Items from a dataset

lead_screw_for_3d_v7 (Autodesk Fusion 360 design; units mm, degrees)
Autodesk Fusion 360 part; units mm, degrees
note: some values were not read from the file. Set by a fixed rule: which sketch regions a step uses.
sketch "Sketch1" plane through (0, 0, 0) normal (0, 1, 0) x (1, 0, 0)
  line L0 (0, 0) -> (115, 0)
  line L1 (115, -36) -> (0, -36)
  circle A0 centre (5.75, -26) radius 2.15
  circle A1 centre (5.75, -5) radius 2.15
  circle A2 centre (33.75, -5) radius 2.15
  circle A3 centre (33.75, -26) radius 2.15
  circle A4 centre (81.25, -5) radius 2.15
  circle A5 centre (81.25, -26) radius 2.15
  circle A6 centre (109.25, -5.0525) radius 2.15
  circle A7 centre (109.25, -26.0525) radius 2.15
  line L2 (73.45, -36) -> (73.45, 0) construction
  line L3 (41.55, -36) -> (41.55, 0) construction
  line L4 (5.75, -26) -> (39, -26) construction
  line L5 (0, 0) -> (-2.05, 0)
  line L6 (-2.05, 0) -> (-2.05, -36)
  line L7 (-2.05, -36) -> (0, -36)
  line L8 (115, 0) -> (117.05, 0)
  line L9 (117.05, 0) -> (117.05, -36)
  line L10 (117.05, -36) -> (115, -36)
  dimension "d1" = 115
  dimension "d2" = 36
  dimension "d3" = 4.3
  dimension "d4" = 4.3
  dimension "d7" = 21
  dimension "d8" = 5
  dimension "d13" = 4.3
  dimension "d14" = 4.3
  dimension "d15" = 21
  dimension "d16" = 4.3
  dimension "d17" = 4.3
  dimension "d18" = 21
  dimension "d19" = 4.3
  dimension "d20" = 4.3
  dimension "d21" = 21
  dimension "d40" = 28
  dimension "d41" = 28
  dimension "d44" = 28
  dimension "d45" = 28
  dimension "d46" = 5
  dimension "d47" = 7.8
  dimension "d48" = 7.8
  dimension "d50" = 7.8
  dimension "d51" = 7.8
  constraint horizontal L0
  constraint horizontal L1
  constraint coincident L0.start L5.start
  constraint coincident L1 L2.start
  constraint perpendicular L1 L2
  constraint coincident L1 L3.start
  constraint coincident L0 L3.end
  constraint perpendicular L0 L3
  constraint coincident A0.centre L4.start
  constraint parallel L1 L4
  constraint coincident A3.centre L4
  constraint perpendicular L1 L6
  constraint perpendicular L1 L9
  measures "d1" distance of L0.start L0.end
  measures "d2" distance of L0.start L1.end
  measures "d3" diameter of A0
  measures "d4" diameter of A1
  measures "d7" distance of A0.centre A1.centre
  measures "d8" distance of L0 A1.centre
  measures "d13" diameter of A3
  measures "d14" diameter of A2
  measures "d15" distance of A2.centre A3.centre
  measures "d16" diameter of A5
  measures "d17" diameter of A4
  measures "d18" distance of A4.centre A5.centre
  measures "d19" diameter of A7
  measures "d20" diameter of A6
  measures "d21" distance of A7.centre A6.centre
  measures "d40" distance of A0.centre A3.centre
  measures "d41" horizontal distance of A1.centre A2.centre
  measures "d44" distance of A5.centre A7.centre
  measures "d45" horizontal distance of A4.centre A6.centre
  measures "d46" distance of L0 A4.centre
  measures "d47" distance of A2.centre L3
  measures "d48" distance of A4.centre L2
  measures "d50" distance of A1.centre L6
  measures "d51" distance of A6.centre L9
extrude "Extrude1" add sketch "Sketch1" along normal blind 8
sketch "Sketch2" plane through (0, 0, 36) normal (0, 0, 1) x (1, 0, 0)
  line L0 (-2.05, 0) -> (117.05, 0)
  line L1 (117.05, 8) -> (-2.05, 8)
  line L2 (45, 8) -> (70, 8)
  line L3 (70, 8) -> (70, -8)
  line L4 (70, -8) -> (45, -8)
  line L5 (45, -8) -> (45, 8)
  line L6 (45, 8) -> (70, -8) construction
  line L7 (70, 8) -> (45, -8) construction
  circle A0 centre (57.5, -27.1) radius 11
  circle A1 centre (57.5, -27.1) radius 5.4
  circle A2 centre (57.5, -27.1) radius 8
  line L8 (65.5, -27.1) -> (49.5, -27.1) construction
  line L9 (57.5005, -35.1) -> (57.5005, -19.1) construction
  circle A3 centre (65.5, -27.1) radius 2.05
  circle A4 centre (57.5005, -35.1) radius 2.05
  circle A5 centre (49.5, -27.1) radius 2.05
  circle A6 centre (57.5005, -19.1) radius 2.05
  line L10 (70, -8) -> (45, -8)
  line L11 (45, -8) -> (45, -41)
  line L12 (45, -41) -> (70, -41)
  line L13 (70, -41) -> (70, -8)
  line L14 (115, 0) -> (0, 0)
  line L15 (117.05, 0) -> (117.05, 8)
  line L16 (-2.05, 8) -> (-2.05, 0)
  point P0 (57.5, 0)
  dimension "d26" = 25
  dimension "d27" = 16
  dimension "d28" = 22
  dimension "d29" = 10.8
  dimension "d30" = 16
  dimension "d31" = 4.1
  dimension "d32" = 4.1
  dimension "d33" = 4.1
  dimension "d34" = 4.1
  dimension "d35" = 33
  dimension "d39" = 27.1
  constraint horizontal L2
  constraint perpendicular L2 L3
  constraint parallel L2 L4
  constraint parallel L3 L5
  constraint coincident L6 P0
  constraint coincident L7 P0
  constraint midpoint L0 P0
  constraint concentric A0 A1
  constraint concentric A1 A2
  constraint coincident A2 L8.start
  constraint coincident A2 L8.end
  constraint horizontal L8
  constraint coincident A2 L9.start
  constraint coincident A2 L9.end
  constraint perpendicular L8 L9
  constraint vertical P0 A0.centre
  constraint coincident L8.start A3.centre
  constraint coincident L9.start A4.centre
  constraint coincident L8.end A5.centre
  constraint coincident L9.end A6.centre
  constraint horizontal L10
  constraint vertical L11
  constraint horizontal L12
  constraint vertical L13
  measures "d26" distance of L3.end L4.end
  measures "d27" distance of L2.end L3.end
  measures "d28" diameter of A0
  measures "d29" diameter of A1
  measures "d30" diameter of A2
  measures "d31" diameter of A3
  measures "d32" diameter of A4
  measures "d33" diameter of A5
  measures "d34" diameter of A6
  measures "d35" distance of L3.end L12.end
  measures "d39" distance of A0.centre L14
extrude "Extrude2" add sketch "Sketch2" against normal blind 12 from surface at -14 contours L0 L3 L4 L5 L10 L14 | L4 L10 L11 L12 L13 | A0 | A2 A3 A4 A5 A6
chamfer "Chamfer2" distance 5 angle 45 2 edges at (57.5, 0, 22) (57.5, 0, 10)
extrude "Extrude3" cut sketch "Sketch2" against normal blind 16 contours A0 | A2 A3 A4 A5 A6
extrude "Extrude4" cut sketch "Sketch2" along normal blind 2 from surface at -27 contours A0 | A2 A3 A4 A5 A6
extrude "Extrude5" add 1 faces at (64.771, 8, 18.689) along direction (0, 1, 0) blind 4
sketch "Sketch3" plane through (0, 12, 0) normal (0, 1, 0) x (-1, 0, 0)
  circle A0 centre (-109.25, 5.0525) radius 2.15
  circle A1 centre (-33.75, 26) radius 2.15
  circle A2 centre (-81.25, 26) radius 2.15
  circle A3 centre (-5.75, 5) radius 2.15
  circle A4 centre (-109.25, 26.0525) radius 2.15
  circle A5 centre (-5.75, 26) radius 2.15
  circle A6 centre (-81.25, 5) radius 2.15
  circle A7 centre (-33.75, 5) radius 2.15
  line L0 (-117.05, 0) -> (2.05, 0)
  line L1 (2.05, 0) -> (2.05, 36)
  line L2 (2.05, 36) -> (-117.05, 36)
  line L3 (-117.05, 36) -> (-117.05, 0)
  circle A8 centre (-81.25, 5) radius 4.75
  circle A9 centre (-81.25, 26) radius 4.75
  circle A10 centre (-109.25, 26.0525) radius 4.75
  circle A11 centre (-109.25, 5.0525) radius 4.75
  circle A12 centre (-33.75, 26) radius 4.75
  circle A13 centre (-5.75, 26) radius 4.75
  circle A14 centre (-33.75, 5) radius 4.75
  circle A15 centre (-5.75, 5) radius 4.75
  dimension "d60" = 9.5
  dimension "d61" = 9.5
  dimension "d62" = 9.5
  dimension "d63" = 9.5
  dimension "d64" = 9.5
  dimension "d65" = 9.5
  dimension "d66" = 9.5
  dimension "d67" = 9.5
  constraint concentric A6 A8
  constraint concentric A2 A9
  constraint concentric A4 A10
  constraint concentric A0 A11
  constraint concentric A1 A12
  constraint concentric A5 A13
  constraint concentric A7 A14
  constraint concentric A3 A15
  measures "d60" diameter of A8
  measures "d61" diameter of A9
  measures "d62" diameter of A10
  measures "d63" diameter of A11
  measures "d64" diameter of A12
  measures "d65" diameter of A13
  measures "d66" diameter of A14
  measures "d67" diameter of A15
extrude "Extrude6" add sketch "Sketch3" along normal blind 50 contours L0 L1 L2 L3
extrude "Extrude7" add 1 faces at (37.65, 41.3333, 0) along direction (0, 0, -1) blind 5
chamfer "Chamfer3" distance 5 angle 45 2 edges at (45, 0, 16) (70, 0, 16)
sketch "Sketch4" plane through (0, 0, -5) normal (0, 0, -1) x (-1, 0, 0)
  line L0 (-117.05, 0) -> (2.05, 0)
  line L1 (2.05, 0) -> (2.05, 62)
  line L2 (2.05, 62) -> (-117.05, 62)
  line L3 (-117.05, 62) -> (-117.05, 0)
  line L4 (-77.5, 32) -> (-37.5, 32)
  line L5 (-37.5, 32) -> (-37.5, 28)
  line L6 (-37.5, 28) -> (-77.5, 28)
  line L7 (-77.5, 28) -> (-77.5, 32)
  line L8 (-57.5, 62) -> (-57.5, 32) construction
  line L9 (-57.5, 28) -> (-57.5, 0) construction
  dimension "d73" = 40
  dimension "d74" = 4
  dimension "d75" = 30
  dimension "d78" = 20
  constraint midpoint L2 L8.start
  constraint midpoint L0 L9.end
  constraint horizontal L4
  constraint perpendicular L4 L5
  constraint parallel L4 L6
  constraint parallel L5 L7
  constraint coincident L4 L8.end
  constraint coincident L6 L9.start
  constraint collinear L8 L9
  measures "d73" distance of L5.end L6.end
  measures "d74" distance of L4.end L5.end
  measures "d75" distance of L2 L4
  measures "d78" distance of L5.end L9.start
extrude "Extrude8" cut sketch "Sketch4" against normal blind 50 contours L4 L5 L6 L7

* **TASK GOAL**:
Across all the records, find the lines containing the word "Fusion" and reproduce each one.

* **TASK SOLUTION**:
lead_screw_for_3d_v7 (Autodesk Fusion 360 design; units mm, degrees)
Autodesk Fusion 360 part; units mm, degrees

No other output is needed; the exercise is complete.